Michel FERRY note qu’en revanche on voit de la publicité pour la télévision au cinéma, ce qui est selon lui
un paradoxe intéressant. Pour Alain SUSSFELD, le combat cinéma-télévision est terminé. Pour lui, la
télévision s'est atomisée avec les écrans et horaires multiples et a perdu sa fonction sociale, que le cinéma
a récupérée. Le cinéma va bien parce qu'il est un lien social majeur et a retrouvé dans la société une place
qu'il avait perdue au moment où la télévision était dominante.

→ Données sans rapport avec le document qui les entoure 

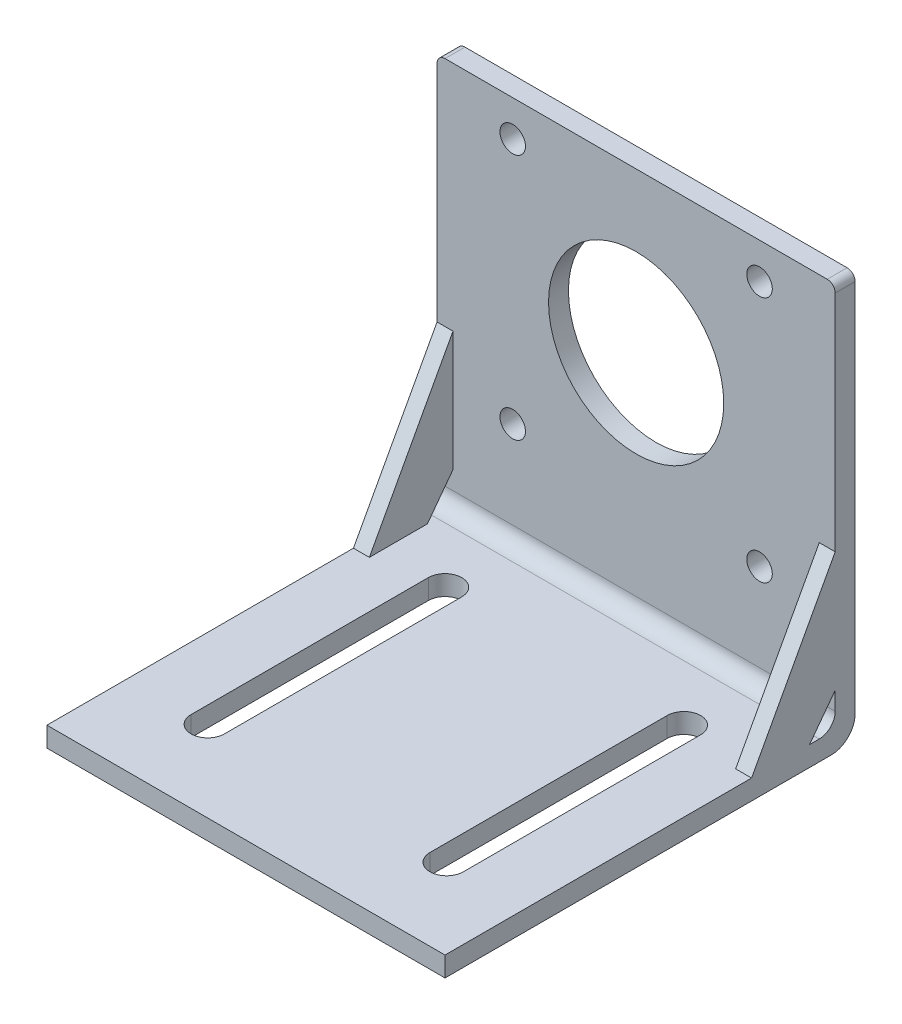
ISO-10303-21;
HEADER;
FILE_DESCRIPTION(('STEP AP214'),'2;1');
FILE_NAME('part.step','',(''),(''),'','','');
FILE_SCHEMA(('AUTOMOTIVE_DESIGN { 1 0 10303 214 1 1 1 1 }'));
ENDSEC;
DATA;
#1=APPLICATION_CONTEXT('core data for automotive mechanical design processes');
#2=APPLICATION_PROTOCOL_DEFINITION('international standard','automotive_design',2000,#1);
#3=PRODUCT_CONTEXT('',#1,'mechanical');
#4=PRODUCT('Part','Part','',(#3));
#5=PRODUCT_RELATED_PRODUCT_CATEGORY('part','',(#4));
#6=PRODUCT_DEFINITION_FORMATION('','',#4);
#7=PRODUCT_DEFINITION_CONTEXT('part definition',#1,'design');
#8=PRODUCT_DEFINITION('design','',#6,#7);
#9=PRODUCT_DEFINITION_SHAPE('','',#8);
#10=(LENGTH_UNIT() NAMED_UNIT(*) SI_UNIT(.MILLI.,.METRE.));
#11=(NAMED_UNIT(*) PLANE_ANGLE_UNIT() SI_UNIT($,.RADIAN.));
#12=(NAMED_UNIT(*) SI_UNIT($,.STERADIAN.) SOLID_ANGLE_UNIT());
#13=UNCERTAINTY_MEASURE_WITH_UNIT(LENGTH_MEASURE(1.E-05),#10,'distance_accuracy_value','');
#14=(GEOMETRIC_REPRESENTATION_CONTEXT(3) GLOBAL_UNCERTAINTY_ASSIGNED_CONTEXT((#13)) GLOBAL_UNIT_ASSIGNED_CONTEXT((#10,
#11,#12)) REPRESENTATION_CONTEXT('',''));
#15=CARTESIAN_POINT('',(0.,0.,0.));
#16=DIRECTION('',(0.,0.,1.));
#17=DIRECTION('',(1.,0.,0.));
#18=AXIS2_PLACEMENT_3D('',#15,#16,#17);
#19=CARTESIAN_POINT('',(12.5004011997071,49.1502196090274,2.5));
#20=DIRECTION('',(0.,0.,1.));
#21=DIRECTION('',(1.,0.,0.));
#22=AXIS2_PLACEMENT_3D('',#19,#20,#21);
#23=PLANE('',#22);
#24=CARTESIAN_POINT('',(21.0004011997071,45.6502196090274,2.5));
#25=DIRECTION('',(0.,0.,-1.));
#26=DIRECTION('',(-1.,0.,0.));
#27=AXIS2_PLACEMENT_3D('',#24,#25,#26);
#28=CIRCLE('',#27,1.60000000000001);
#29=CARTESIAN_POINT('',(19.4004011997071,45.6502196090274,2.5));
#30=VERTEX_POINT('',#29);
#31=EDGE_CURVE('E434',#30,#30,#28,.T.);
#32=ORIENTED_EDGE('',*,*,#31,.T.);
#33=EDGE_LOOP('',(#32));
#34=FACE_BOUND('',#33,.T.);
#35=CARTESIAN_POINT('',(52.0004011997071,14.6502196090274,2.5));
#36=DIRECTION('',(0.,0.,-1.));
#37=DIRECTION('',(-1.,0.,0.));
#38=AXIS2_PLACEMENT_3D('',#35,#36,#37);
#39=CIRCLE('',#38,1.6);
#40=CARTESIAN_POINT('',(50.4004011997071,14.6502196090274,2.5));
#41=VERTEX_POINT('',#40);
#42=EDGE_CURVE('E428',#41,#41,#39,.T.);
#43=ORIENTED_EDGE('',*,*,#42,.T.);
#44=EDGE_LOOP('',(#43));
#45=FACE_BOUND('',#44,.T.);
#46=CARTESIAN_POINT('',(52.0004442333903,45.6502196090274,2.5));
#47=DIRECTION('',(0.,0.,-1.));
#48=DIRECTION('',(-1.,0.,0.));
#49=AXIS2_PLACEMENT_3D('',#46,#47,#48);
#50=CIRCLE('',#49,1.6);
#51=CARTESIAN_POINT('',(50.4004442333903,45.6502196090274,2.5));
#52=VERTEX_POINT('',#51);
#53=EDGE_CURVE('E422',#52,#52,#50,.T.);
#54=ORIENTED_EDGE('',*,*,#53,.T.);
#55=EDGE_LOOP('',(#54));
#56=FACE_BOUND('',#55,.T.);
#57=CARTESIAN_POINT('',(21.0004011997071,14.6502196090274,2.5));
#58=DIRECTION('',(0.,0.,-1.));
#59=DIRECTION('',(-1.,0.,0.));
#60=AXIS2_PLACEMENT_3D('',#57,#58,#59);
#61=CIRCLE('',#60,1.60000000000001);
#62=CARTESIAN_POINT('',(19.4004011997071,14.6502196090274,2.5));
#63=VERTEX_POINT('',#62);
#64=EDGE_CURVE('E416',#63,#63,#61,.T.);
#65=ORIENTED_EDGE('',*,*,#64,.T.);
#66=EDGE_LOOP('',(#65));
#67=FACE_BOUND('',#66,.T.);
#68=CARTESIAN_POINT('',(36.5004011997071,30.1502196090274,2.5));
#69=DIRECTION('',(0.,0.,-1.));
#70=DIRECTION('',(-1.,0.,0.));
#71=AXIS2_PLACEMENT_3D('',#68,#69,#70);
#72=CIRCLE('',#71,11.);
#73=CARTESIAN_POINT('',(25.5004011997071,30.1502196090274,2.5));
#74=VERTEX_POINT('',#73);
#75=EDGE_CURVE('E409',#74,#74,#72,.T.);
#76=ORIENTED_EDGE('',*,*,#75,.T.);
#77=EDGE_LOOP('',(#76));
#78=FACE_BOUND('',#77,.T.);
#79=DIRECTION('',(0.,-1.,0.));
#80=VECTOR('',#79,1.);
#81=CARTESIAN_POINT('',(61.5004011997071,49.1502196090274,2.5));
#82=LINE('',#81,#80);
#83=CARTESIAN_POINT('',(61.5004011997071,5.95009980357009,2.5));
#84=VERTEX_POINT('',#83);
#85=CARTESIAN_POINT('',(61.5004011997071,3.65021960902744,2.5));
#86=VERTEX_POINT('',#85);
#87=EDGE_CURVE('E37',#84,#86,#82,.T.);
#88=ORIENTED_EDGE('',*,*,#87,.F.);
#89=DIRECTION('',(-1.,0.,0.));
#90=VECTOR('',#89,1.);
#91=CARTESIAN_POINT('',(12.5004011997071,5.95009980357008,2.5));
#92=LINE('',#91,#90);
#93=CARTESIAN_POINT('',(59.5004011997071,5.95009980357009,2.5));
#94=VERTEX_POINT('',#93);
#95=EDGE_CURVE('E225',#84,#94,#92,.T.);
#96=ORIENTED_EDGE('',*,*,#95,.T.);
#97=DIRECTION('',(0.,1.,0.));
#98=VECTOR('',#97,1.);
#99=CARTESIAN_POINT('',(59.5004011997071,49.1502196090274,2.5));
#100=LINE('',#99,#98);
#101=CARTESIAN_POINT('',(59.5004011997071,21.0039904897568,2.5));
#102=VERTEX_POINT('',#101);
#103=EDGE_CURVE('E224',#94,#102,#100,.T.);
#104=ORIENTED_EDGE('',*,*,#103,.T.);
#105=DIRECTION('',(1.,0.,0.));
#106=VECTOR('',#105,1.);
#107=CARTESIAN_POINT('',(12.5004011997071,21.0039904897568,2.5));
#108=LINE('',#107,#106);
#109=CARTESIAN_POINT('',(61.5004011997071,21.0039904897568,2.5));
#110=VERTEX_POINT('',#109);
#111=EDGE_CURVE('E210',#102,#110,#108,.T.);
#112=ORIENTED_EDGE('',*,*,#111,.T.);
#113=CARTESIAN_POINT('',(61.5004011997071,49.1502196090274,2.5));
#114=VERTEX_POINT('',#113);
#115=EDGE_CURVE('E221',#114,#110,#82,.T.);
#116=ORIENTED_EDGE('',*,*,#115,.F.);
#117=CARTESIAN_POINT('',(60.5004011997071,49.1502196090274,2.5));
#118=DIRECTION('',(0.,0.,-1.));
#119=DIRECTION('',(1.,0.,0.));
#120=AXIS2_PLACEMENT_3D('',#117,#118,#119);
#121=CIRCLE('',#120,1.);
#122=CARTESIAN_POINT('',(60.5004011997071,50.1502196090274,2.5));
#123=VERTEX_POINT('',#122);
#124=EDGE_CURVE('E234',#123,#114,#121,.T.);
#125=ORIENTED_EDGE('',*,*,#124,.F.);
#126=DIRECTION('',(1.,0.,0.));
#127=VECTOR('',#126,1.);
#128=CARTESIAN_POINT('',(12.5004011997071,50.1502196090274,2.5));
#129=LINE('',#128,#127);
#130=CARTESIAN_POINT('',(12.5004011997071,50.1502196090274,2.5));
#131=VERTEX_POINT('',#130);
#132=EDGE_CURVE('E441',#131,#123,#129,.T.);
#133=ORIENTED_EDGE('',*,*,#132,.F.);
#134=CARTESIAN_POINT('',(12.5004011997071,49.1502196090274,2.5));
#135=DIRECTION('',(0.,0.,-1.));
#136=DIRECTION('',(1.,0.,0.));
#137=AXIS2_PLACEMENT_3D('',#134,#135,#136);
#138=CIRCLE('',#137,1.);
#139=CARTESIAN_POINT('',(11.5004011997071,49.1502196090274,2.5));
#140=VERTEX_POINT('',#139);
#141=EDGE_CURVE('E439',#140,#131,#138,.T.);
#142=ORIENTED_EDGE('',*,*,#141,.F.);
#143=DIRECTION('',(0.,1.,0.));
#144=VECTOR('',#143,1.);
#145=CARTESIAN_POINT('',(11.5004011997071,-0.84978039097256,2.5));
#146=LINE('',#145,#144);
#147=CARTESIAN_POINT('',(11.5004011997071,21.0039904897568,2.5));
#148=VERTEX_POINT('',#147);
#149=EDGE_CURVE('E230',#148,#140,#146,.T.);
#150=ORIENTED_EDGE('',*,*,#149,.F.);
#151=DIRECTION('',(-1.,0.,0.));
#152=VECTOR('',#151,1.);
#153=CARTESIAN_POINT('',(12.5004011997071,21.0039904897568,2.5));
#154=LINE('',#153,#152);
#155=CARTESIAN_POINT('',(13.5004011997071,21.0039904897568,2.5));
#156=VERTEX_POINT('',#155);
#157=EDGE_CURVE('E333',#156,#148,#154,.T.);
#158=ORIENTED_EDGE('',*,*,#157,.F.);
#159=DIRECTION('',(0.,-1.,0.));
#160=VECTOR('',#159,1.);
#161=CARTESIAN_POINT('',(13.5004011997071,49.1502196090274,2.5));
#162=LINE('',#161,#160);
#163=CARTESIAN_POINT('',(13.5004011997071,5.95009980357009,2.5));
#164=VERTEX_POINT('',#163);
#165=EDGE_CURVE('E326',#156,#164,#162,.T.);
#166=ORIENTED_EDGE('',*,*,#165,.T.);
#167=DIRECTION('',(1.,0.,0.));
#168=VECTOR('',#167,1.);
#169=CARTESIAN_POINT('',(12.5004011997071,5.95009980357008,2.5));
#170=LINE('',#169,#168);
#171=CARTESIAN_POINT('',(11.5004011997071,5.95009980357009,2.5));
#172=VERTEX_POINT('',#171);
#173=EDGE_CURVE('E331',#172,#164,#170,.T.);
#174=ORIENTED_EDGE('',*,*,#173,.F.);
#175=CARTESIAN_POINT('',(11.5004011997071,3.65021960902744,2.5));
#176=VERTEX_POINT('',#175);
#177=EDGE_CURVE('E232',#176,#172,#146,.T.);
#178=ORIENTED_EDGE('',*,*,#177,.F.);
#179=DIRECTION('',(-1.,0.,0.));
#180=VECTOR('',#179,1.);
#181=CARTESIAN_POINT('',(12.5004011997071,3.65021960902744,2.5));
#182=LINE('',#181,#180);
#183=EDGE_CURVE('E279',#176,#86,#182,.F.);
#184=ORIENTED_EDGE('',*,*,#183,.T.);
#185=EDGE_LOOP('',(#88,#96,#104,#112,#116,#125,#133,#142,#150,#158,#166,#174,#178,#184));
#186=FACE_BOUND('',#185,.T.);
#187=ADVANCED_FACE('F33',(#34,#45,#56,#67,#78,#186),#23,.T.);
#188=CARTESIAN_POINT('',(11.5004011997071,1.65021960902744,51.5));
#189=DIRECTION('',(0.,-1.,0.));
#190=DIRECTION('',(1.,0.,0.));
#191=AXIS2_PLACEMENT_3D('',#188,#189,#190);
#192=PLANE('',#191);
#193=DIRECTION('',(0.,0.,1.));
#194=VECTOR('',#193,1.);
#195=CARTESIAN_POINT('',(19.4004011997071,1.65021960902744,11.5));
#196=LINE('',#195,#194);
#197=CARTESIAN_POINT('',(19.4004011997071,1.65021960902744,11.5));
#198=VERTEX_POINT('',#197);
#199=CARTESIAN_POINT('',(19.4004011997071,1.65021960902744,41.3));
#200=VERTEX_POINT('',#199);
#201=EDGE_CURVE('E384',#198,#200,#196,.T.);
#202=ORIENTED_EDGE('',*,*,#201,.F.);
#203=CARTESIAN_POINT('',(21.5004011997071,1.65021960902744,11.5));
#204=DIRECTION('',(0.,1.,0.));
#205=DIRECTION('',(-1.,0.,0.));
#206=AXIS2_PLACEMENT_3D('',#203,#204,#205);
#207=CIRCLE('',#206,2.1);
#208=CARTESIAN_POINT('',(23.6004011997071,1.65021960902744,11.5));
#209=VERTEX_POINT('',#208);
#210=EDGE_CURVE('E362',#209,#198,#207,.T.);
#211=ORIENTED_EDGE('',*,*,#210,.F.);
#212=DIRECTION('',(0.,0.,-1.));
#213=VECTOR('',#212,1.);
#214=CARTESIAN_POINT('',(23.6004011997071,1.65021960902744,11.5));
#215=LINE('',#214,#213);
#216=CARTESIAN_POINT('',(23.6004011997071,1.65021960902744,41.3));
#217=VERTEX_POINT('',#216);
#218=EDGE_CURVE('E373',#217,#209,#215,.T.);
#219=ORIENTED_EDGE('',*,*,#218,.F.);
#220=CARTESIAN_POINT('',(21.5004011997071,1.65021960902744,41.3));
#221=DIRECTION('',(0.,1.,0.));
#222=DIRECTION('',(-1.,0.,0.));
#223=AXIS2_PLACEMENT_3D('',#220,#221,#222);
#224=CIRCLE('',#223,2.1);
#225=EDGE_CURVE('E387',#200,#217,#224,.T.);
#226=ORIENTED_EDGE('',*,*,#225,.F.);
#227=EDGE_LOOP('',(#202,#211,#219,#226));
#228=FACE_BOUND('',#227,.T.);
#229=DIRECTION('',(0.,0.,1.));
#230=VECTOR('',#229,1.);
#231=CARTESIAN_POINT('',(49.4004011997071,1.65021960902744,11.5));
#232=LINE('',#231,#230);
#233=CARTESIAN_POINT('',(49.4004011997071,1.65021960902744,11.5));
#234=VERTEX_POINT('',#233);
#235=CARTESIAN_POINT('',(49.4004011997071,1.65021960902744,41.3));
#236=VERTEX_POINT('',#235);
#237=EDGE_CURVE('E352',#234,#236,#232,.T.);
#238=ORIENTED_EDGE('',*,*,#237,.F.);
#239=CARTESIAN_POINT('',(51.5004011997071,1.65021960902744,11.5));
#240=DIRECTION('',(0.,1.,0.));
#241=DIRECTION('',(1.,0.,0.));
#242=AXIS2_PLACEMENT_3D('',#239,#240,#241);
#243=CIRCLE('',#242,2.1);
#244=CARTESIAN_POINT('',(53.6004011997071,1.65021960902744,11.5));
#245=VERTEX_POINT('',#244);
#246=EDGE_CURVE('E336',#245,#234,#243,.T.);
#247=ORIENTED_EDGE('',*,*,#246,.F.);
#248=DIRECTION('',(0.,0.,-1.));
#249=VECTOR('',#248,1.);
#250=CARTESIAN_POINT('',(53.6004011997071,1.65021960902744,11.5));
#251=LINE('',#250,#249);
#252=CARTESIAN_POINT('',(53.6004011997071,1.65021960902744,41.3));
#253=VERTEX_POINT('',#252);
#254=EDGE_CURVE('E341',#253,#245,#251,.T.);
#255=ORIENTED_EDGE('',*,*,#254,.F.);
#256=CARTESIAN_POINT('',(51.5004011997071,1.65021960902744,41.3));
#257=DIRECTION('',(0.,1.,0.));
#258=DIRECTION('',(1.,0.,0.));
#259=AXIS2_PLACEMENT_3D('',#256,#257,#258);
#260=CIRCLE('',#259,2.1);
#261=EDGE_CURVE('E355',#236,#253,#260,.T.);
#262=ORIENTED_EDGE('',*,*,#261,.F.);
#263=EDGE_LOOP('',(#238,#247,#255,#262));
#264=FACE_BOUND('',#263,.T.);
#265=DIRECTION('',(-1.,0.,0.));
#266=VECTOR('',#265,1.);
#267=CARTESIAN_POINT('',(11.5004011997071,1.65021960902744,5.71255416833646));
#268=LINE('',#267,#266);
#269=CARTESIAN_POINT('',(61.5004011997071,1.65021960902744,5.71255416833646));
#270=VERTEX_POINT('',#269);
#271=CARTESIAN_POINT('',(59.5004011997071,1.65021960902744,5.71255416833646));
#272=VERTEX_POINT('',#271);
#273=EDGE_CURVE('E11',#270,#272,#268,.T.);
#274=ORIENTED_EDGE('',*,*,#273,.F.);
#275=DIRECTION('',(0.,0.,-1.));
#276=VECTOR('',#275,1.);
#277=CARTESIAN_POINT('',(61.5004011997071,1.65021960902744,51.5));
#278=LINE('',#277,#276);
#279=CARTESIAN_POINT('',(61.5004011997071,1.65021960902744,4.5));
#280=VERTEX_POINT('',#279);
#281=EDGE_CURVE('E258',#270,#280,#278,.T.);
#282=ORIENTED_EDGE('',*,*,#281,.T.);
#283=DIRECTION('',(-1.,0.,0.));
#284=VECTOR('',#283,1.);
#285=CARTESIAN_POINT('',(11.5004011997071,1.65021960902744,4.5));
#286=LINE('',#285,#284);
#287=CARTESIAN_POINT('',(11.5004011997071,1.65021960902744,4.5));
#288=VERTEX_POINT('',#287);
#289=EDGE_CURVE('E277',#280,#288,#286,.T.);
#290=ORIENTED_EDGE('',*,*,#289,.T.);
#291=DIRECTION('',(0.,0.,-1.));
#292=VECTOR('',#291,1.);
#293=CARTESIAN_POINT('',(11.5004011997071,1.65021960902744,51.5));
#294=LINE('',#293,#292);
#295=CARTESIAN_POINT('',(11.5004011997071,1.65021960902744,5.71255416833646));
#296=VERTEX_POINT('',#295);
#297=EDGE_CURVE('E293',#296,#288,#294,.T.);
#298=ORIENTED_EDGE('',*,*,#297,.F.);
#299=DIRECTION('',(1.,0.,0.));
#300=VECTOR('',#299,1.);
#301=CARTESIAN_POINT('',(11.5004011997071,1.65021960902744,5.71255416833646));
#302=LINE('',#301,#300);
#303=CARTESIAN_POINT('',(13.5004011997071,1.65021960902744,5.71255416833646));
#304=VERTEX_POINT('',#303);
#305=EDGE_CURVE('E298',#296,#304,#302,.T.);
#306=ORIENTED_EDGE('',*,*,#305,.T.);
#307=DIRECTION('',(0.,0.,-1.));
#308=VECTOR('',#307,1.);
#309=CARTESIAN_POINT('',(13.5004011997071,1.65021960902744,51.5));
#310=LINE('',#309,#308);
#311=CARTESIAN_POINT('',(13.5004011997071,1.65021960902744,13.0029610267373));
#312=VERTEX_POINT('',#311);
#313=EDGE_CURVE('E292',#312,#304,#310,.T.);
#314=ORIENTED_EDGE('',*,*,#313,.F.);
#315=DIRECTION('',(-1.,0.,0.));
#316=VECTOR('',#315,1.);
#317=CARTESIAN_POINT('',(11.5004011997071,1.65021960902744,13.0029610267373));
#318=LINE('',#317,#316);
#319=CARTESIAN_POINT('',(11.5004011997071,1.65021960902744,13.0029610267373));
#320=VERTEX_POINT('',#319);
#321=EDGE_CURVE('E256',#312,#320,#318,.T.);
#322=ORIENTED_EDGE('',*,*,#321,.T.);
#323=CARTESIAN_POINT('',(11.5004011997071,1.65021960902744,51.5));
#324=VERTEX_POINT('',#323);
#325=EDGE_CURVE('E239',#324,#320,#294,.T.);
#326=ORIENTED_EDGE('',*,*,#325,.F.);
#327=DIRECTION('',(-1.,0.,0.));
#328=VECTOR('',#327,1.);
#329=CARTESIAN_POINT('',(11.5004011997071,1.65021960902744,51.5));
#330=LINE('',#329,#328);
#331=CARTESIAN_POINT('',(61.5004011997071,1.65021960902744,51.5));
#332=VERTEX_POINT('',#331);
#333=EDGE_CURVE('E295',#332,#324,#330,.T.);
#334=ORIENTED_EDGE('',*,*,#333,.F.);
#335=CARTESIAN_POINT('',(61.5004011997071,1.65021960902744,13.0029610267373));
#336=VERTEX_POINT('',#335);
#337=EDGE_CURVE('E261',#332,#336,#278,.T.);
#338=ORIENTED_EDGE('',*,*,#337,.T.);
#339=DIRECTION('',(1.,0.,0.));
#340=VECTOR('',#339,1.);
#341=CARTESIAN_POINT('',(11.5004011997071,1.65021960902744,13.0029610267373));
#342=LINE('',#341,#340);
#343=CARTESIAN_POINT('',(59.5004011997071,1.65021960902744,13.0029610267373));
#344=VERTEX_POINT('',#343);
#345=EDGE_CURVE('E43',#344,#336,#342,.T.);
#346=ORIENTED_EDGE('',*,*,#345,.F.);
#347=DIRECTION('',(0.,0.,1.));
#348=VECTOR('',#347,1.);
#349=CARTESIAN_POINT('',(59.5004011997071,1.65021960902744,51.5));
#350=LINE('',#349,#348);
#351=EDGE_CURVE('E262',#272,#344,#350,.T.);
#352=ORIENTED_EDGE('',*,*,#351,.F.);
#353=EDGE_LOOP('',(#274,#282,#290,#298,#306,#314,#322,#326,#334,#338,#346,#352));
#354=FACE_BOUND('',#353,.T.);
#355=ADVANCED_FACE('F479',(#228,#264,#354),#192,.F.);
#356=CARTESIAN_POINT('',(12.5004011997071,49.1502196090274,2.5));
#357=DIRECTION('',(0.,0.,-1.));
#358=DIRECTION('',(-1.,0.,0.));
#359=AXIS2_PLACEMENT_3D('',#356,#357,#358);
#360=CYLINDRICAL_SURFACE('',#359,1.);
#361=CARTESIAN_POINT('',(12.5004011997071,49.1502196090274,0.));
#362=DIRECTION('',(0.,0.,-1.));
#363=DIRECTION('',(1.,0.,0.));
#364=AXIS2_PLACEMENT_3D('',#361,#362,#363);
#365=CIRCLE('',#364,1.);
#366=CARTESIAN_POINT('',(11.5004011997071,49.1502196090274,0.));
#367=VERTEX_POINT('',#366);
#368=CARTESIAN_POINT('',(12.5004011997071,50.1502196090274,0.));
#369=VERTEX_POINT('',#368);
#370=EDGE_CURVE('E248',#367,#369,#365,.T.);
#371=ORIENTED_EDGE('',*,*,#370,.F.);
#372=DIRECTION('',(0.,0.,-1.));
#373=VECTOR('',#372,1.);
#374=CARTESIAN_POINT('',(11.5004011997071,49.1502196090274,2.5));
#375=LINE('',#374,#373);
#376=EDGE_CURVE('E272',#140,#367,#375,.T.);
#377=ORIENTED_EDGE('',*,*,#376,.F.);
#378=ORIENTED_EDGE('',*,*,#141,.T.);
#379=DIRECTION('',(0.,0.,-1.));
#380=VECTOR('',#379,1.);
#381=CARTESIAN_POINT('',(12.5004011997071,50.1502196090274,2.5));
#382=LINE('',#381,#380);
#383=EDGE_CURVE('E237',#131,#369,#382,.T.);
#384=ORIENTED_EDGE('',*,*,#383,.T.);
#385=EDGE_LOOP('',(#371,#377,#378,#384));
#386=FACE_BOUND('',#385,.T.);
#387=ADVANCED_FACE('F455',(#386),#360,.T.);
#388=CARTESIAN_POINT('',(11.5004011997071,-0.84978039097256,2.5));
#389=DIRECTION('',(-1.,0.,0.));
#390=DIRECTION('',(0.,0.,1.));
#391=AXIS2_PLACEMENT_3D('',#388,#389,#390);
#392=PLANE('',#391);
#393=ORIENTED_EDGE('',*,*,#325,.T.);
#394=DIRECTION('',(0.,0.87891762662254,-0.476973590057354));
#395=VECTOR('',#394,1.);
#396=CARTESIAN_POINT('',(11.5004011997071,21.9498447287149,1.98670105324832));
#397=LINE('',#396,#395);
#398=EDGE_CURVE('E323',#320,#148,#397,.T.);
#399=ORIENTED_EDGE('',*,*,#398,.T.);
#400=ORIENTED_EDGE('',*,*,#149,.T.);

Il se veut radicalement conservateur et tous les films qui veulent aller sur la VàD ou le Net en direct
n'auront pas de place dans les salles UGC. Il se veut un défenseur radical de la chronologie des médias au
sens historique du terme. C’est pour lui ce qui permet à UGC de produire 200 films français et des
coproductions minoritaires. Il faut préserver une zone d'exclusivité après la diffusion et que le public
comprenne qu’il faut attendre un certain nombre de mois pour pouvoir visionner des films sur un nouveau
support.
Xavier BLOM, qui se veut un peu provocateur pour conclure la séance, n’est pas certain que les VPF vont
s’arrêter, Carole SCOTTA objectant que c’est prévu dans la loi.